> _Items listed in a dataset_
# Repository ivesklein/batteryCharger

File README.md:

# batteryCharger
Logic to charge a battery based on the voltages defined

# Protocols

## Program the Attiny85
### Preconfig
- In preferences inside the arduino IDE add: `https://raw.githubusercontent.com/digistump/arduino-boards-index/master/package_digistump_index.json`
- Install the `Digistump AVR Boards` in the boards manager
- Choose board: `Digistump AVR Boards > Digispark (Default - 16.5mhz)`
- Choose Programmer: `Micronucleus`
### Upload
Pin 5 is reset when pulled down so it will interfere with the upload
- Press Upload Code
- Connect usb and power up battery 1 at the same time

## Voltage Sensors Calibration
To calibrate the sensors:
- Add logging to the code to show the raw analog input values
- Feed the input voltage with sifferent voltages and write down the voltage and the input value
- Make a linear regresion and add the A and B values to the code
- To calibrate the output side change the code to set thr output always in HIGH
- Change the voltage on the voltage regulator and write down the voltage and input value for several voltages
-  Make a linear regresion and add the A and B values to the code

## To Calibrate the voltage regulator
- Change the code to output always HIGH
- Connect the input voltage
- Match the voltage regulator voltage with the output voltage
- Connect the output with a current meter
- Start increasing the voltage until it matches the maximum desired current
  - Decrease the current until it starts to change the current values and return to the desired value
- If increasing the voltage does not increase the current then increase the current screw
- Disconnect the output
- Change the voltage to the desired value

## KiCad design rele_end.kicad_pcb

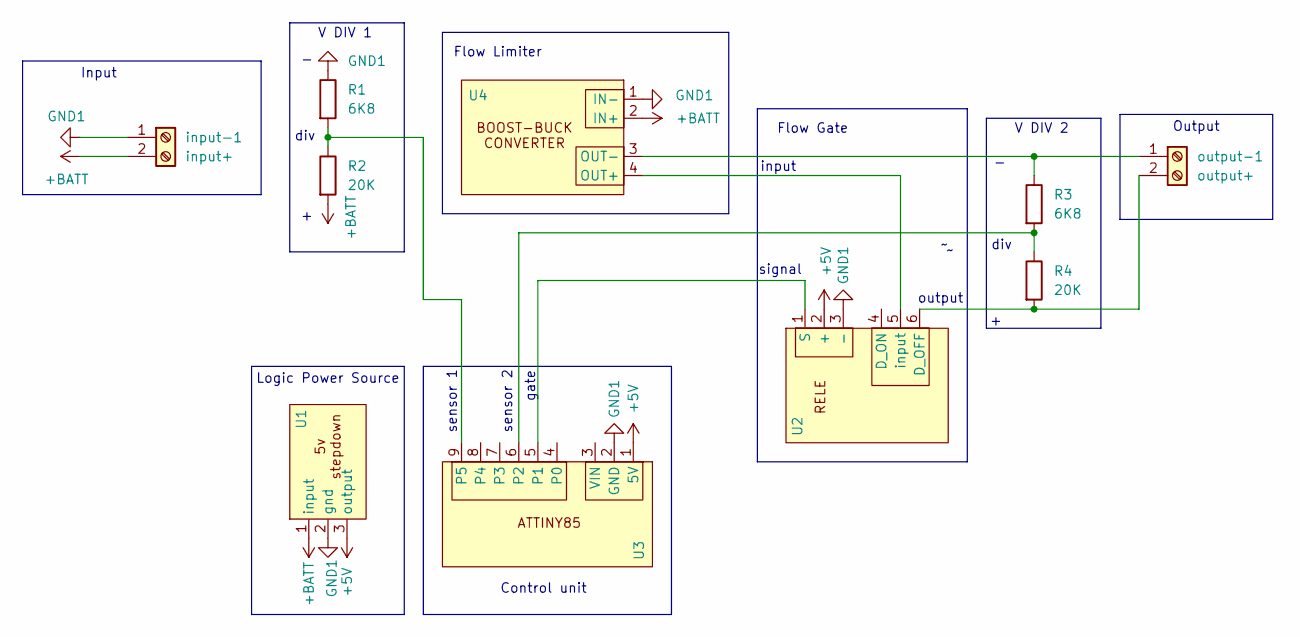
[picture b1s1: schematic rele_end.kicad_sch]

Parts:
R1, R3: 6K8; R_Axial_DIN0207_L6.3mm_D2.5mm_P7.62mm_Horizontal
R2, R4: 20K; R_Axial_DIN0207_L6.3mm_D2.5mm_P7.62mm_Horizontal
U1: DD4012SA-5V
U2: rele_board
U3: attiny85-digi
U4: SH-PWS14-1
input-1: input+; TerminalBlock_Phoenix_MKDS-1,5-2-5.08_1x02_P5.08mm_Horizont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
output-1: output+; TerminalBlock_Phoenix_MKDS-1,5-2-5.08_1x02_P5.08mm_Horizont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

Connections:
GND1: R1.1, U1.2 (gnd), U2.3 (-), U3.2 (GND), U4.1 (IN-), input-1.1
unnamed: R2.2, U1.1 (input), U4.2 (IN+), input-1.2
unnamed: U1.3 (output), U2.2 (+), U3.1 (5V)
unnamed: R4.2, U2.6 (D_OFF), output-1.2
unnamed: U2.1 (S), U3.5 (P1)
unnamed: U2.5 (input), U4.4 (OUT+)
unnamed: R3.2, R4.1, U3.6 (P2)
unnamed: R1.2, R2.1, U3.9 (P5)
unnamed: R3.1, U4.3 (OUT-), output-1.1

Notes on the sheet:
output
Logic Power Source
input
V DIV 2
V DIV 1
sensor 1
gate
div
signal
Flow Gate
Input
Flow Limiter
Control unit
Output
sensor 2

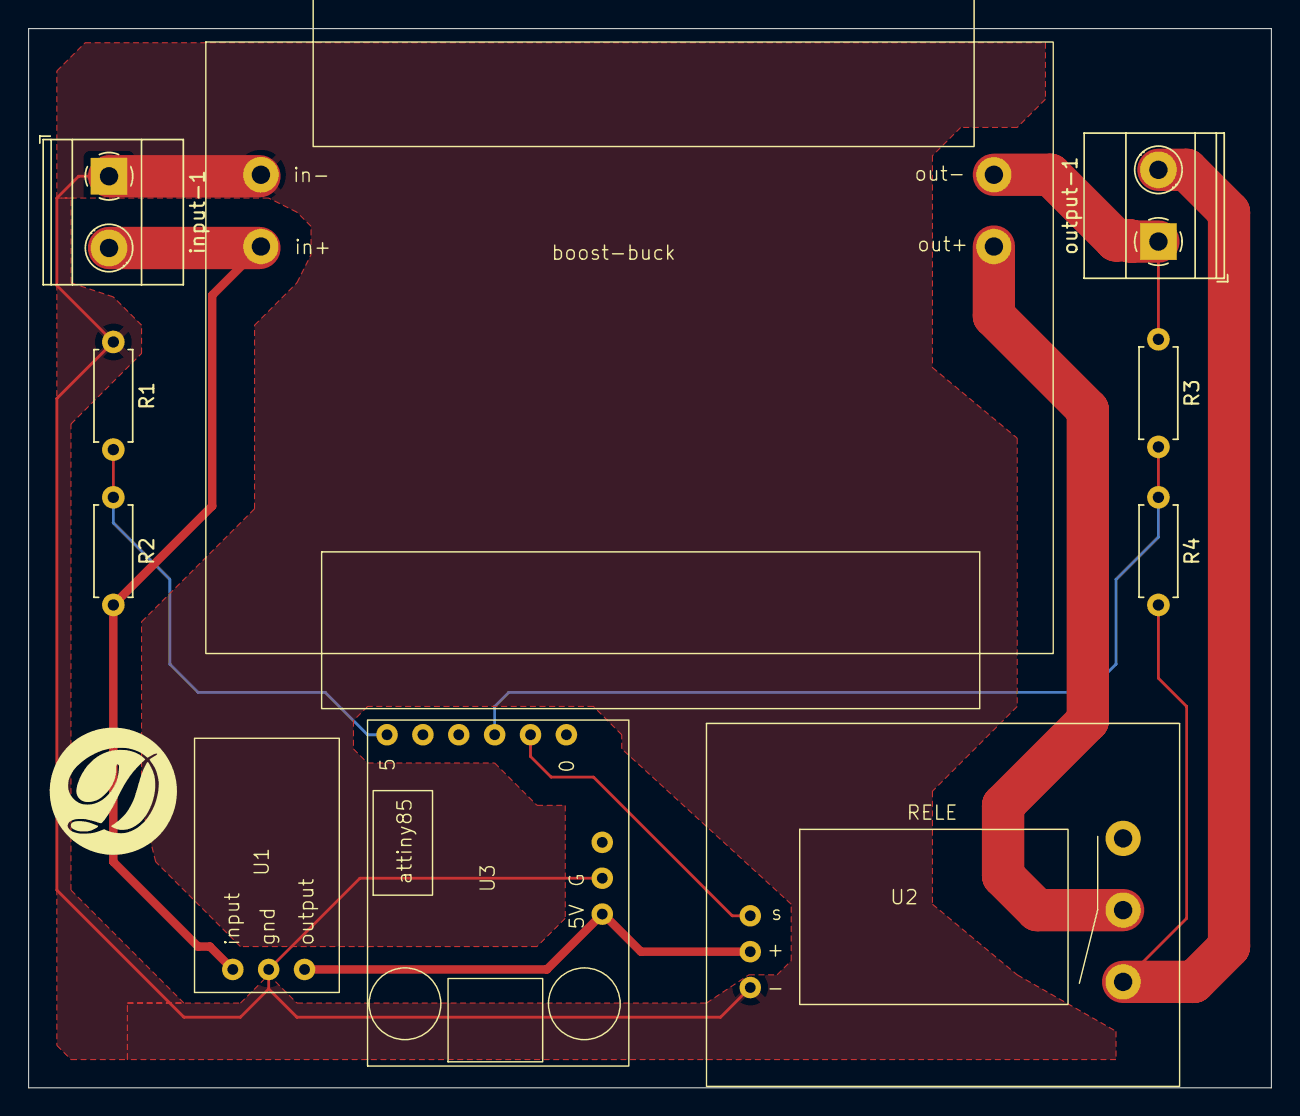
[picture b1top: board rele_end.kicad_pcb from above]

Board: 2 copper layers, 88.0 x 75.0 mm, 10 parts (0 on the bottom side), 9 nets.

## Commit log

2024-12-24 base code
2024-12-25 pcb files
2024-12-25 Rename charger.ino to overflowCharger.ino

> _WORK ITEM_
Up to and including the line with "- To calibrate", write out the records above exactly, starting from their first line.

> _THE ANSWER_
# Repository ivesklein/batteryCharger

File README.md:

# batteryCharger
Logic to charge a battery based on the voltages defined

# Protocols

## Program the Attiny85
### Preconfig
- In preferences inside the arduino IDE add: `https://raw.githubusercontent.com/digistump/arduino-boards-index/master/package_digistump_index.json`
- Install the `Digistump AVR Boards` in the boards manager
- Choose board: `Digistump AVR Boards > Digispark (Default - 16.5mhz)`
- Choose Programmer: `Micronucleus`
### Upload
Pin 5 is reset when pulled down so it will interfere with the upload
- Press Upload Code
- Connect usb and power up battery 1 at the same time

## Voltage Sensors Calibration
To calibrate the sensors:
- Add logging to the code to show the raw analog input values
- Feed the input voltage with sifferent voltages and write down the voltage and the input value
- Make a linear regresion and add the A and B values to the code
- To calibrate the output side change the code to set thr output always in HIGH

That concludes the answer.